Question

How do you multiply $(4 + 5i)(4 - 5i)$?

Answer 1

Hint : Here this question we have to multiply these two terms. The both terms are in the form of complex numbers. The complex number is a combination of real part and complex part. It can also be determined by using the standard algebraic formula $(a + b)(a - b) = {a^2} - {b^2}$. Hence we can determine a solution for the given question.

Complete step-by-step answer :
The numbers which are present in the question are in the form of complex numbers. The complex number is a combination of real part and imaginary part.
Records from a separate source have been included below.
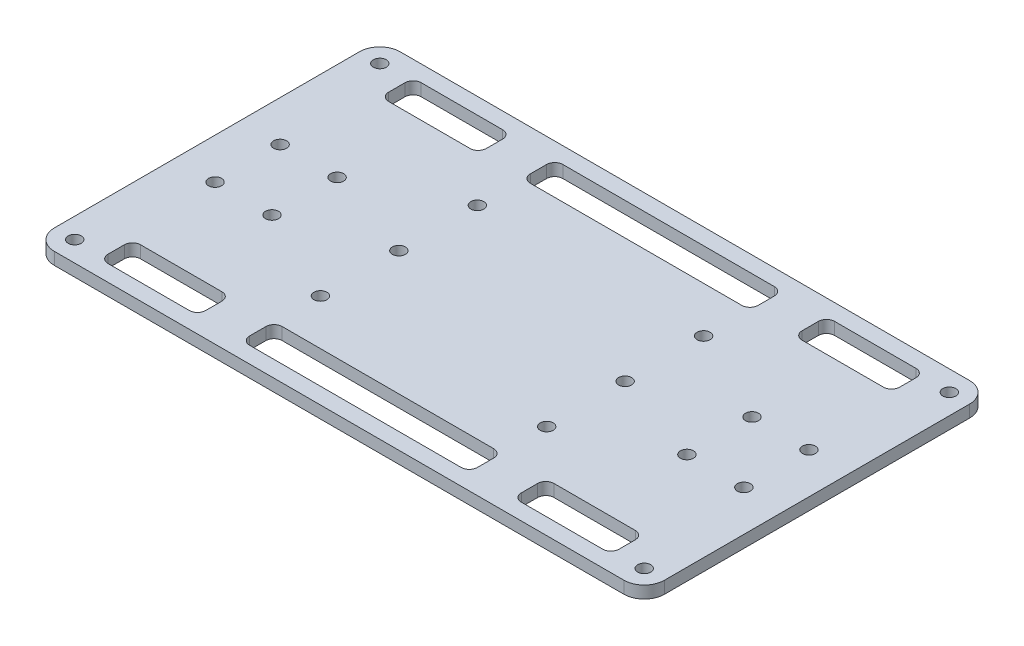
from build123d import *

# Parameters (mm, degrees)
SKETCH1_R           = 1.6
BOSS_EXTRUDE1_DEPTH = 3


with BuildPart() as part:
    # Sketch1 → Boss-Extrude1 (new body)
    with BuildSketch(Plane(origin=(0, 0, 0), x_dir=(1, 0, 0), z_dir=(0, 1, 0))):
        with BuildLine():
            Line((-70, 42.5), (70, 42.5))
            ThreePointArc((70, 42.5), (73.535533906, 41.035533906), (75, 37.5))
            Line((75, 37.5), (75, -37.5))
            ThreePointArc((75, -37.5), (73.535533906, -41.035533906), (70, -42.5))
            Line((70, -42.5), (-70, -42.5))
            ThreePointArc((-70, -42.5), (-73.535533906, -41.035533906), (-75, -37.5))
            Line((-75, -37.5), (-75, 37.5))
            ThreePointArc((-75, 37.5), (-73.535533906, 41.035533906), (-70, 42.5))
        make_face()
        with Locations(Location((-65, 8, 0), (0, 0, 270))):
            Circle(SKETCH1_R, mode=Mode.SUBTRACT)
        with Locations(Location((-65, -8, 0), (0, 0, 90))):
            Circle(SKETCH1_R, mode=Mode.SUBTRACT)
        with Locations(Location((-51, 8, 0), (0, 0, 90))):
            Circle(SKETCH1_R, mode=Mode.SUBTRACT)
        with Locations(Location((-51, -8, 0), (0, 0, 270))):
            Circle(SKETCH1_R, mode=Mode.SUBTRACT)
        with Locations(Location((51, -8, 0), (0, 0, 90))):
            Circle(SKETCH1_R, mode=Mode.SUBTRACT)
        with Locations(Location((51, 8, 0), (0, 0, 270))):
            Circle(SKETCH1_R, mode=Mode.SUBTRACT)
        with Locations(Location((65, -8, 0), (0, 0, 270))):
            Circle(SKETCH1_R, mode=Mode.SUBTRACT)
        with Locations(Location((65, 8, 0), (0, 0, 90))):
            Circle(SKETCH1_R, mode=Mode.SUBTRACT)
        with Locations(Location((-27.81, 19.29, 0), (0, 0, 270))):
            Circle(SKETCH1_R, mode=Mode.SUBTRACT)
        with Locations(Location((-27.81, 0, 0), (0, 0, 270))):
            Circle(SKETCH1_R, mode=Mode.SUBTRACT)
        with Locations(Location((-27.81, -19.29, 0), (0, 0, 90))):
            Circle(SKETCH1_R, mode=Mode.SUBTRACT)
        with Locations(Location((27.81, -19.29, 0), (0, 0, 270))):
            Circle(SKETCH1_R, mode=Mode.SUBTRACT)
        with Locations(Location((27.81, 19.29, 0), (0, 0, 90))):
            Circle(SKETCH1_R, mode=Mode.SUBTRACT)
        with Locations(Location((27.81, 0, 0), (0, 0, 90))):
            Circle(SKETCH1_R, mode=Mode.SUBTRACT)
        with Locations(Location((-70, 37.5, 0), (0, 0, 270))):
            Circle(SKETCH1_R, mode=Mode.SUBTRACT)
        with Locations(Location((-70, -37.5, 0), (0, 0, 90))):
            Circle(SKETCH1_R, mode=Mode.SUBTRACT)
        with Locations(Location((70, -37.5, 0), (0, 0, 270))):
            Circle(SKETCH1_R, mode=Mode.SUBTRACT)
        with Locations(Location((70, 37.5, 0), (0, 0, 90))):
            Circle(SKETCH1_R, mode=Mode.SUBTRACT)
        with BuildLine():
            Line((28, 32.5), (28, 36.5))
            ThreePointArc((28, 36.5), (27.414213562, 37.914213562), (26, 38.5))
            Line((26, 38.5), (-26, 38.5))
            ThreePointArc((-26, 38.5), (-27.414213562, 37.914213562), (-28, 36.5))
            Line((-28, 36.5), (-28, 32.5))
            ThreePointArc((-28, 32.5), (-27.414213562, 31.085786438), (-26, 30.5))
            Line((-26, 30.5), (26, 30.5))
            ThreePointArc((26, 30.5), (27.414213562, 31.085786438), (28, 32.5))
        make_face(mode=Mode.SUBTRACT)
        with BuildLine():
            Line((-26, -30.5), (26, -30.5))
            ThreePointArc((26, -30.5), (27.414213562, -31.085786438), (28, -32.5))
            Line((28, -32.5), (28, -36.5))
            ThreePointArc((28, -36.5), (27.414213562, -37.914213562), (26, -38.5))
            Line((26, -38.5), (-26, -38.5))
            ThreePointArc((-26, -38.5), (-27.414213562, -37.914213562), (-28, -36.5))
            Line((-28, -36.5), (-28, -32.5))
            ThreePointArc((-28, -32.5), (-27.414213562, -31.085786438), (-26, -30.5))
        make_face(mode=Mode.SUBTRACT)
        with BuildLine():
            Line((-38.81, 32.5), (-38.81, 36.5))
            ThreePointArc((-38.81, 36.5), (-39.395786438, 37.914213562), (-40.81, 38.5))
            Line((-40.81, 38.5), (-60.81, 38.5))
            ThreePointArc((-60.81, 38.5), (-62.224213562, 37.914213562), (-62.81, 36.5))
            Line((-62.81, 36.5), (-62.81, 32.5))
            ThreePointArc((-62.81, 32.5), (-62.224213562, 31.085786438), (-60.81, 30.5))
            Line((-60.81, 30.5), (-40.81, 30.5))
            ThreePointArc((-40.81, 30.5), (-39.395786438, 31.085786438), (-38.81, 32.5))
        make_face(mode=Mode.SUBTRACT)
        with BuildLine():
            Line((-60.81, -30.5), (-40.81, -30.5))
            ThreePointArc((-40.81, -30.5), (-39.395786438, -31.085786438), (-38.81, -32.5))
            Line((-38.81, -32.5), (-38.81, -36.5))
            ThreePointArc((-38.81, -36.5), (-39.395786438, -37.914213562), (-40.81, -38.5))
            Line((-40.81, -38.5), (-60.81, -38.5))
            ThreePointArc((-60.81, -38.5), (-62.224213562, -37.914213562), (-62.81, -36.5))
            Line((-62.81, -36.5), (-62.81, -32.5))
            ThreePointArc((-62.81, -32.5), (-62.224213562, -31.085786438), (-60.81, -30.5))
        make_face(mode=Mode.SUBTRACT)
        with BuildLine():
            Line((38.81, 32.5), (38.81, 36.5))
            ThreePointArc((38.81, 36.5), (39.395786438, 37.914213562), (40.81, 38.5))
            Line((40.81, 38.5), (60.81, 38.5))
            ThreePointArc((60.81, 38.5), (62.224213562, 37.914213562), (62.81, 36.5))
            Line((62.81, 36.5), (62.81, 32.5))
            ThreePointArc((62.81, 32.5), (62.224213562, 31.085786438), (60.81, 30.5))
            Line((60.81, 30.5), (40.81, 30.5))
            ThreePointArc((40.81, 30.5), (39.395786438, 31.085786438), (38.81, 32.5))
        make_face(mode=Mode.SUBTRACT)
        with BuildLine():
            Line((38.81, -32.5), (38.81, -36.5))
            ThreePointArc((38.81, -36.5), (39.395786438, -37.914213562), (40.81, -38.5))
            Line((40.81, -38.5), (60.81, -38.5))
            ThreePointArc((60.81, -38.5), (62.224213562, -37.914213562), (62.81, -36.5))
            Line((62.81, -36.5), (62.81, -32.5))
            ThreePointArc((62.81, -32.5), (62.224213562, -31.085786438), (60.81, -30.5))
            Line((60.81, -30.5), (40.81, -30.5))
            ThreePointArc((40.81, -30.5), (39.395786438, -31.085786438), (38.81, -32.5))
        make_face(mode=Mode.SUBTRACT)
    extrude(amount=BOSS_EXTRUDE1_DEPTH)


solid = part.part

The complex number is represented as $(a \pm bi)$, here is a real part and the term involving i, is an imaginary part.
Method 1:
Let multiply these two terms $(4 + 5i)(4 - 5i)$
$\Rightarrow 4(4 - 5i) + 5i(4 - 5i)$
On multiplying we get
$\Rightarrow 16 - 20i + 20i - 25{i^2}$
On simplifying we have
$\Rightarrow 16 - 25{i^2}$
In the complex number we know that ${i^2} = - 1$
Substituting this value in the above equation we have
$\Rightarrow 16 - 25( - 1)$
On simplifying we have
$\Rightarrow 16 + 25$
Add 16 and 25 we get
$\Rightarrow 41$
Therefore $(4 + 5i)(4 - 5i) = 41$
Method 2:
Solving by using the standard algebraic formula $(a + b)(a - b) = {a^2} - {b^2}$. Consider the given question $(4 + 5i)(4 - 5i)$ . The question is in the form of $(a + b)(a - b)$. By using the formula we have
$\Rightarrow (4 + 5i)(4 - 5i) = {(4)^2} - {(5i)^2}$
Squaring these numbers we have
$\Rightarrow (4 + 5i)(4 - 5i) = 16 - 25{i^2}$
In the complex number we know that ${i^2} = - 1$
Substituting this value in the above equation we have
$\Rightarrow (4 + 5i)(4 - 5i) = 16 - 25( - 1)$
On simplifying we have
$\Rightarrow (4 + 5i)(4 - 5i) = 16 + 25$
Add 16 and 25 we get
$\Rightarrow (4 + 5i)(4 - 5i) = 41$
Therefore $(4 + 5i)(4 - 5i) = 41$
Hence we have multiplied the two terms and obtained the solution.
So, the correct answer is “41”.

Note : In mathematics we have different forms of numbers namely, natural numbers, whole numbers, integers, rational numbers, irrational numbers, real numbers, complex numbers. The arithmetic operations like addition, subtraction, multiplication and division are applied to these numbers. The numbers which are in the braces we apply the multiplication operation.